У Уильяма действительно болела нога, ныла спина, и вообще он изнемогал от скуки и обиды на судьбу: пока он лежал в госпитале, корабль, на котором он служил, со всеми его друзьями и товарищами на борту ушел в море. А ему предстоит еще несколько недель валяться в мрачной палате, и одному богу известно, возьмут ли его снова на флот. Зато сейчас он держал эту маленькую, тонкую ручку в своей и смотрел в ясные карие глаза, светящиеся нежностью.
– Милая, – сказал Уильям и, притянув к себе ее руку, прижал к сердцу.
В тот вечер в больнице Святой Елизаветы творилось что-то несусветное.
– Эй, сестра, где мое теплое питье?
– Приятель, возьми у меня. Она дала мне сразу три порции!
– В чем дело, сестра? У меня в кружке только вода!
– Сестра, а у меня только какао-порошок!
Они смеялись, ворчали и подшучивали.
– Вы, похоже, влюбились, сестра! Сестра Сэнсон втюрилась!..
Сестра Сэнсон действительно втюрилась. От этой мысли веяло умиротворенностью и теплом. Уильям будет ее опекать, его любовь станет для нее защитой и опорой. «Я все начну сначала. Я больше не буду терзаться чувством вины за мамину смерть. Она бы хотела, чтобы я не тосковала, не мучилась воспоминаниями, а жила спокойно и счастливо. Уильям позаботится обо мне…»
Эстер подошла к нему и сказала:
– Милый, – и снова протянула руку.
Они долго-долго смотрели друг другу в глаза.
– Милая, – сказал Уильям.
– Милый, – сказала Эстер.
– Я не могу все время назвать тебя «милая», – не выдержал наконец Уильям. – Поэтому, солнышко, скажи, как тебя зовут.
– Милый, нельзя делать девушке предложение, даже не зная ее имени.
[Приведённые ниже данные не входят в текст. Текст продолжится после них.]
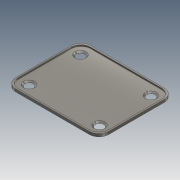
# Autodesk Inventor part: capa de alguma parte da guitarra
Saved by Autodesk Inventor 2016 (Build 200138000, 138)
## iProperties
Created: 2018-10-31
Part Number: capa de alguma parte da guitarra
Material: Genérico
Document SubType Name: Modeling
Designer: thiag
Density: 1 g/cm^3
Appearance: Steel - Polished
Author: thiag
Autodesk Inventor part; units mm, degrees
ref_plane "YZ Plane" through (0, 0, 0) normal (1, 0, 0) x (0, 1, 0)
ref_plane "XZ Plane" through (0, 0, 0) normal (0, 1, 0) x (-1, 0, 0)
ref_plane "XY Plane" through (0, 0, 0) normal (0, 0, 1) x (1, 0, 0)
sketch "Esboço1" plane through (0, 0, 0) normal (0, 0, 1) x (1, 0, 0)
  line L0 (-14.4362, 6.271) -> (52.5638, 6.271)
  line L1 (52.5638, 6.271) -> (52.5638, -47.729)
  line L2 (52.5638, -47.729) -> (-14.4362, -47.729)
  line L3 (-14.4362, -47.729) -> (-14.4362, 6.271)
  circle A0 centre (-6.2862, -2.229) radius 3
  circle A1 centre (-6.2862, -39.229) radius 3
  circle A2 centre (44.4138, -39.229) radius 3
  circle A3 centre (44.4138, -2.229) radius 3
  point P0 (0, 0)
  dimension "d0" = 67
  dimension "d1" = 54
  dimension "d6" = 6
  dimension "d7" = 6
  dimension "d8" = 6
  dimension "d9" = 6
  dimension "d17" = 50.7
  dimension "d18" = 50.7
  dimension "d19" = 37
  dimension "d20" = 37
  dimension "d21" = 8.15
  dimension "d22" = 8.5
  dimension "d24" = 8.15
  dimension "d26" = 8.5
  dimension "d27" = 8.15
  dimension "d28" = 8.15
  dimension "d29" = 8.5
  dimension "d30" = 8.5
  constraints: 8 end point, 4 centre point, 2 parallel, 1 horizontal, 1 perpendicular
  measures "d0" distance of L1.end L2.end
  measures "d1" distance of L0.end L1.end
  measures "d6" diameter of A0
  measures "d7" diameter of A1
  measures "d8" diameter of A2
  measures "d9" diameter of A3
  measures "d17" distance of A3.centre A0.centre
  measures "d18" distance of A2.centre A1.centre
  measures "d19" distance of A1.centre A0.centre
  measures "d20" distance of A2.centre A3.centre
  measures "d21" distance from line of L3 A0.centre
  measures "d22" distance from line of L0 A0.centre
  measures "d24" distance from line of L1 A3.centre
  measures "d26" distance from line of L2 A2.centre
  measures "d27" distance from line of L3 A1.centre
  measures "d28" distance from line of L1 A2.centre
  measures "d29" distance from line of L0 A3.centre
  measures "d30" distance from line of L2 A1.centre
extrude "Extrusão1" add sketch "Esboço1" along normal blind 2
shell "Casca1" thickness 1 removed faces 5 at (11.3623, -15.2254, 2) at (-3.2959, -39.4704, 1.3333) at (-3.2959, -2.4704, 1.3333) at (47.4041, -2.4704, 1.3333) at (47.4041, -39.4704, 1.3333)
chamfer "Chanfro1" distance 1 angle 45 4 edges at (-9.2862, -39.229, 1) (-9.2862, -2.229, 1) (41.4138, -2.229, 1) (41.4138, -39.229, 1)
fillet "Arredondamento1" radius 7 8 edges at (-13.4362, 5.271, 1.5) (-14.4362, 6.271, 1) (52.5638, 6.271, 1) (51.5638, 5.271, 1.5) (51.5638, -46.729, 1.5) (52.5638, -47.729, 1) (-13.4362, -46.729, 1.5) (-14.4362, -47.729, 1)

– Ну, тогда скорее скажи мне.
– Мой дорогой, меня зовут Эстер.
– Какое счастье! Я никогда раньше не ухаживал за девушкой по имени Эстер!
Весь вечер, пока за окном совсем не стемнело, она просидела рядом с его кроватью. Время от времени ей приходилось отходить к пациентам, но она всегда возвращалась и вкладывала маленькую, огрубевшую от работы ручку в его ладонь. Они говорили не о ее матери и не о войне, а о том, как они будут жить, когда бомбежки останутся в прошлом. Ко времени вечернего обхода они уже благополучно завершили войну, построили себе беленький домик на холме с видом на Годлистоун, завели двух мальчиков и девочку и поменяли двухместный «крайслер», купленный сразу после свадьбы, на степенный семейный «даймлер». Наконец Эстер собралась уходить.
– Ты еще болеешь, мой милый, тебе надо поспать…
– Насчет сна, Эстер… Как ты думаешь, что лучше: одна большая двуспальная кровать или две односпальные?
– Ах, Уильям! – Она смутилась и покраснела.